- Exercise aim
Lines from the material below that hold the string "ellipse" are what is needed; copy each of them.

- Given data
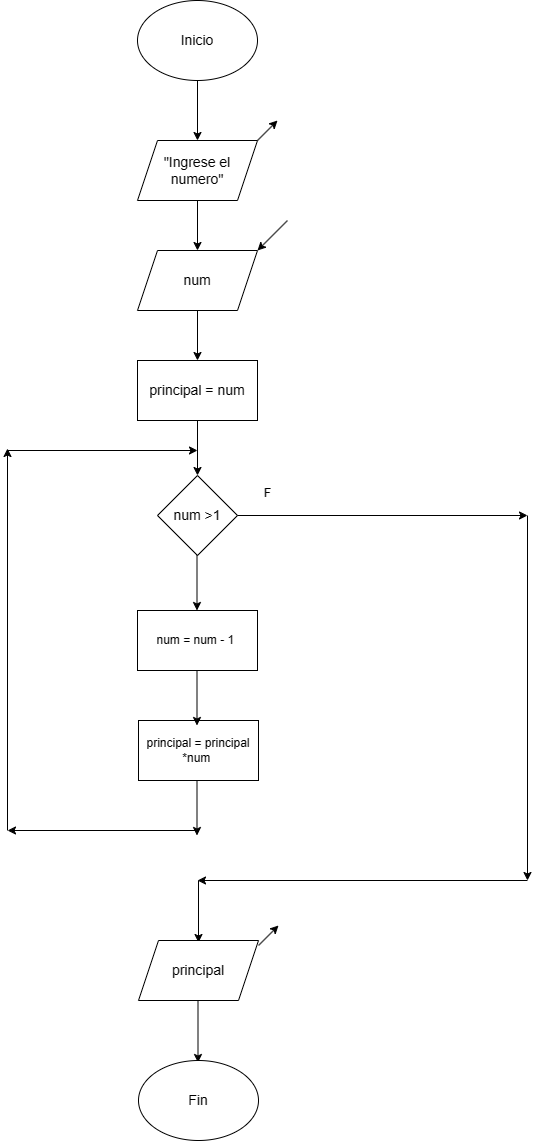

The diagram above was exported from draw.io. Its source (the exported page's mxGraphModel, read from the mxfile embedded in the PNG):
<mxGraphModel dx="1002" dy="569" grid="1" gridSize="10" guides="1" tooltips="1" connect="1" arrows="1" fold="1" page="1" pageScale="1" pageWidth="827" pageHeight="1169" math="0" shadow="0">
  <root>
    <mxCell id="0" />
    <mxCell id="1" parent="0" />
    <mxCell id="O46e7NtW70QGaFh4wjVl-1" value="&lt;font style=&quot;font-size: 14px;&quot;&gt;Inicio&lt;/font&gt;" style="ellipse;whiteSpace=wrap;html=1;" vertex="1" parent="1">
      <mxGeometry x="290" y="30" width="120" height="80" as="geometry" />
    </mxCell>
    <mxCell id="O46e7NtW70QGaFh4wjVl-2" value="" style="endArrow=classic;html=1;rounded=0;exitX=0.5;exitY=1;exitDx=0;exitDy=0;" edge="1" parent="1" source="O46e7NtW70QGaFh4wjVl-1">
      <mxGeometry width="50" height="50" relative="1" as="geometry">
        <mxPoint x="330" y="260" as="sourcePoint" />
        <mxPoint x="350" y="170" as="targetPoint" />
      </mxGeometry>
    </mxCell>
    <mxCell id="O46e7NtW70QGaFh4wjVl-3" value="&lt;font style=&quot;font-size: 14px;&quot;&gt;&quot;Ingrese el numero&quot;&lt;/font&gt;" style="shape=parallelogram;perimeter=parallelogramPerimeter;whiteSpace=wrap;html=1;fixedSize=1;" vertex="1" parent="1">
      <mxGeometry x="290" y="170" width="120" height="60" as="geometry" />
    </mxCell>
    <mxCell id="O46e7NtW70QGaFh4wjVl-4" value="" style="endArrow=classic;html=1;rounded=0;" edge="1" parent="1">
      <mxGeometry width="50" height="50" relative="1" as="geometry">
        <mxPoint x="410" y="170" as="sourcePoint" />
        <mxPoint x="430" y="150" as="targetPoint" />
      </mxGeometry>
    </mxCell>
    <mxCell id="O46e7NtW70QGaFh4wjVl-5" value="&lt;font style=&quot;font-size: 14px;&quot;&gt;num&lt;/font&gt;" style="shape=parallelogram;perimeter=parallelogramPerimeter;whiteSpace=wrap;html=1;fixedSize=1;" vertex="1" parent="1">
      <mxGeometry x="290" y="280" width="120" height="60" as="geometry" />
    </mxCell>
    <mxCell id="O46e7NtW70QGaFh4wjVl-6" value="" style="endArrow=classic;html=1;rounded=0;exitX=0.5;exitY=1;exitDx=0;exitDy=0;entryX=0.5;entryY=0;entryDx=0;entryDy=0;" edge="1" parent="1" source="O46e7NtW70QGaFh4wjVl-3" target="O46e7NtW70QGaFh4wjVl-5">
      <mxGeometry width="50" height="50" relative="1" as="geometry">
        <mxPoint x="360" y="120" as="sourcePoint" />
        <mxPoint x="360" y="180" as="targetPoint" />
      </mxGeometry>
    </mxCell>
    <mxCell id="O46e7NtW70QGaFh4wjVl-7" value="" style="endArrow=classic;html=1;rounded=0;entryX=1;entryY=0;entryDx=0;entryDy=0;" edge="1" parent="1" target="O46e7NtW70QGaFh4wjVl-5">
      <mxGeometry width="50" height="50" relative="1" as="geometry">
        <mxPoint x="440" y="250" as="sourcePoint" />
        <mxPoint x="440" y="160" as="targetPoint" />
      </mxGeometry>
    </mxCell>
    <mxCell id="O46e7NtW70QGaFh4wjVl-8" value="&lt;font style=&quot;font-size: 14px;&quot;&gt;principal = num&lt;/font&gt;" style="rounded=0;whiteSpace=wrap;html=1;" vertex="1" parent="1">
      <mxGeometry x="290" y="390" width="120" height="60" as="geometry" />
    </mxCell>
    <mxCell id="O46e7NtW70QGaFh4wjVl-9" value="" style="endArrow=classic;html=1;rounded=0;exitX=0.5;exitY=1;exitDx=0;exitDy=0;entryX=0.5;entryY=0;entryDx=0;entryDy=0;" edge="1" parent="1" source="O46e7NtW70QGaFh4wjVl-5" target="O46e7NtW70QGaFh4wjVl-8">
      <mxGeometry width="50" height="50" relative="1" as="geometry">
        <mxPoint x="360" y="240" as="sourcePoint" />
        <mxPoint x="360" y="290" as="targetPoint" />
      </mxGeometry>
    </mxCell>
    <mxCell id="O46e7NtW70QGaFh4wjVl-10" value="&lt;font style=&quot;font-size: 14px;&quot;&gt;num &amp;gt;1&lt;/font&gt;" style="rhombus;whiteSpace=wrap;html=1;" vertex="1" parent="1">
      <mxGeometry x="310" y="505" width="80" height="80" as="geometry" />
    </mxCell>
    <mxCell id="O46e7NtW70QGaFh4wjVl-11" value="" style="endArrow=classic;html=1;rounded=0;exitX=0.5;exitY=1;exitDx=0;exitDy=0;entryX=0.5;entryY=0;entryDx=0;entryDy=0;" edge="1" parent="1" source="O46e7NtW70QGaFh4wjVl-8" target="O46e7NtW70QGaFh4wjVl-10">
      <mxGeometry width="50" height="50" relative="1" as="geometry">
        <mxPoint x="360" y="350" as="sourcePoint" />
        <mxPoint x="360" y="400" as="targetPoint" />
      </mxGeometry>
    </mxCell>
    <mxCell id="O46e7NtW70QGaFh4wjVl-12" value="" style="endArrow=classic;html=1;rounded=0;exitX=1;exitY=0.5;exitDx=0;exitDy=0;" edge="1" parent="1" source="O46e7NtW70QGaFh4wjVl-10">
      <mxGeometry width="50" height="50" relative="1" as="geometry">
        <mxPoint x="390" y="540" as="sourcePoint" />
        <mxPoint x="680" y="545" as="targetPoint" />
      </mxGeometry>
    </mxCell>
    <mxCell id="O46e7NtW70QGaFh4wjVl-13" value="F" style="text;html=1;align=center;verticalAlign=middle;resizable=0;points=[];autosize=1;strokeColor=none;fillColor=none;" vertex="1" parent="1">
      <mxGeometry x="405" y="508" width="30" height="30" as="geometry" />
    </mxCell>
    <mxCell id="O46e7NtW70QGaFh4wjVl-14" value="" style="endArrow=classic;html=1;rounded=0;" edge="1" parent="1">
      <mxGeometry width="50" height="50" relative="1" as="geometry">
        <mxPoint x="680" y="545" as="sourcePoint" />
        <mxPoint x="680" y="910" as="targetPoint" />
      </mxGeometry>
    </mxCell>
    <mxCell id="O46e7NtW70QGaFh4wjVl-15" value="" style="endArrow=classic;html=1;rounded=0;" edge="1" parent="1">
      <mxGeometry width="50" height="50" relative="1" as="geometry">
        <mxPoint x="680" y="910" as="sourcePoint" />
        <mxPoint x="350" y="910" as="targetPoint" />
      </mxGeometry>
    </mxCell>
    <mxCell id="O46e7NtW70QGaFh4wjVl-16" value="" style="endArrow=classic;html=1;rounded=0;" edge="1" parent="1">
      <mxGeometry width="50" height="50" relative="1" as="geometry">
        <mxPoint x="351" y="910" as="sourcePoint" />
        <mxPoint x="351" y="972" as="targetPoint" />
      </mxGeometry>
    </mxCell>
    <mxCell id="O46e7NtW70QGaFh4wjVl-17" value="&lt;font style=&quot;font-size: 14px;&quot;&gt;principal&lt;/font&gt;" style="shape=parallelogram;perimeter=parallelogramPerimeter;whiteSpace=wrap;html=1;fixedSize=1;" vertex="1" parent="1">
      <mxGeometry x="291" y="970" width="120" height="60" as="geometry" />
    </mxCell>
    <mxCell id="O46e7NtW70QGaFh4wjVl-18" value="" style="endArrow=classic;html=1;rounded=0;" edge="1" parent="1">
      <mxGeometry width="50" height="50" relative="1" as="geometry">
        <mxPoint x="411" y="975" as="sourcePoint" />
        <mxPoint x="431" y="955" as="targetPoint" />
      </mxGeometry>
    </mxCell>
    <mxCell id="O46e7NtW70QGaFh4wjVl-19" value="" style="endArrow=classic;html=1;rounded=0;" edge="1" parent="1">
      <mxGeometry width="50" height="50" relative="1" as="geometry">
        <mxPoint x="350.5" y="1030" as="sourcePoint" />
        <mxPoint x="350.5" y="1092" as="targetPoint" />
      </mxGeometry>
    </mxCell>
    <mxCell id="O46e7NtW70QGaFh4wjVl-20" value="&lt;font style=&quot;font-size: 14px;&quot;&gt;Fin&lt;/font&gt;" style="ellipse;whiteSpace=wrap;html=1;" vertex="1" parent="1">
      <mxGeometry x="291" y="1090" width="120" height="80" as="geometry" />
    </mxCell>
    <mxCell id="O46e7NtW70QGaFh4wjVl-21" value="" style="endArrow=classic;html=1;rounded=0;exitX=0.5;exitY=1;exitDx=0;exitDy=0;entryX=0.5;entryY=0;entryDx=0;entryDy=0;" edge="1" parent="1">
      <mxGeometry width="50" height="50" relative="1" as="geometry">
        <mxPoint x="349.5" y="585" as="sourcePoint" />
        <mxPoint x="349.5" y="640" as="targetPoint" />
      </mxGeometry>
    </mxCell>
    <mxCell id="O46e7NtW70QGaFh4wjVl-22" value="num = num - 1&amp;nbsp;" style="rounded=0;whiteSpace=wrap;html=1;" vertex="1" parent="1">
      <mxGeometry x="290" y="640" width="120" height="60" as="geometry" />
    </mxCell>
    <mxCell id="O46e7NtW70QGaFh4wjVl-23" value="principal = principal *num&amp;nbsp;" style="rounded=0;whiteSpace=wrap;html=1;" vertex="1" parent="1">
      <mxGeometry x="291" y="750" width="120" height="60" as="geometry" />
    </mxCell>
    <mxCell id="O46e7NtW70QGaFh4wjVl-24" value="" style="endArrow=classic;html=1;rounded=0;exitX=0.5;exitY=1;exitDx=0;exitDy=0;entryX=0.5;entryY=0;entryDx=0;entryDy=0;" edge="1" parent="1">
      <mxGeometry width="50" height="50" relative="1" as="geometry">
        <mxPoint x="349.5" y="700" as="sourcePoint" />
        <mxPoint x="349.5" y="755" as="targetPoint" />
      </mxGeometry>
    </mxCell>
    <mxCell id="O46e7NtW70QGaFh4wjVl-26" value="" style="endArrow=classic;html=1;rounded=0;exitX=0.5;exitY=1;exitDx=0;exitDy=0;entryX=0.5;entryY=0;entryDx=0;entryDy=0;" edge="1" parent="1">
      <mxGeometry width="50" height="50" relative="1" as="geometry">
        <mxPoint x="349.5" y="810" as="sourcePoint" />
        <mxPoint x="349.5" y="865" as="targetPoint" />
      </mxGeometry>
    </mxCell>
    <mxCell id="O46e7NtW70QGaFh4wjVl-27" value="" style="endArrow=classic;html=1;rounded=0;" edge="1" parent="1">
      <mxGeometry width="50" height="50" relative="1" as="geometry">
        <mxPoint x="350" y="860" as="sourcePoint" />
        <mxPoint x="160" y="860" as="targetPoint" />
      </mxGeometry>
    </mxCell>
    <mxCell id="O46e7NtW70QGaFh4wjVl-28" value="" style="endArrow=classic;html=1;rounded=0;" edge="1" parent="1">
      <mxGeometry width="50" height="50" relative="1" as="geometry">
        <mxPoint x="160" y="860" as="sourcePoint" />
        <mxPoint x="160" y="478" as="targetPoint" />
      </mxGeometry>
    </mxCell>
    <mxCell id="O46e7NtW70QGaFh4wjVl-29" value="" style="endArrow=classic;html=1;rounded=0;" edge="1" parent="1">
      <mxGeometry width="50" height="50" relative="1" as="geometry">
        <mxPoint x="160" y="480" as="sourcePoint" />
        <mxPoint x="350" y="480" as="targetPoint" />
      </mxGeometry>
    </mxCell>
  </root>
</mxGraphModel>

- Task answer
    <mxCell id="O46e7NtW70QGaFh4wjVl-1" value="&lt;font style=&quot;font-size: 14px;&quot;&gt;Inicio&lt;/font&gt;" style="ellipse;whiteSpace=wrap;html=1;" vertex="1" parent="1">
    <mxCell id="O46e7NtW70QGaFh4wjVl-20" value="&lt;font style=&quot;font-size: 14px;&quot;&gt;Fin&lt;/font&gt;" style="ellipse;whiteSpace=wrap;html=1;" vertex="1" parent="1">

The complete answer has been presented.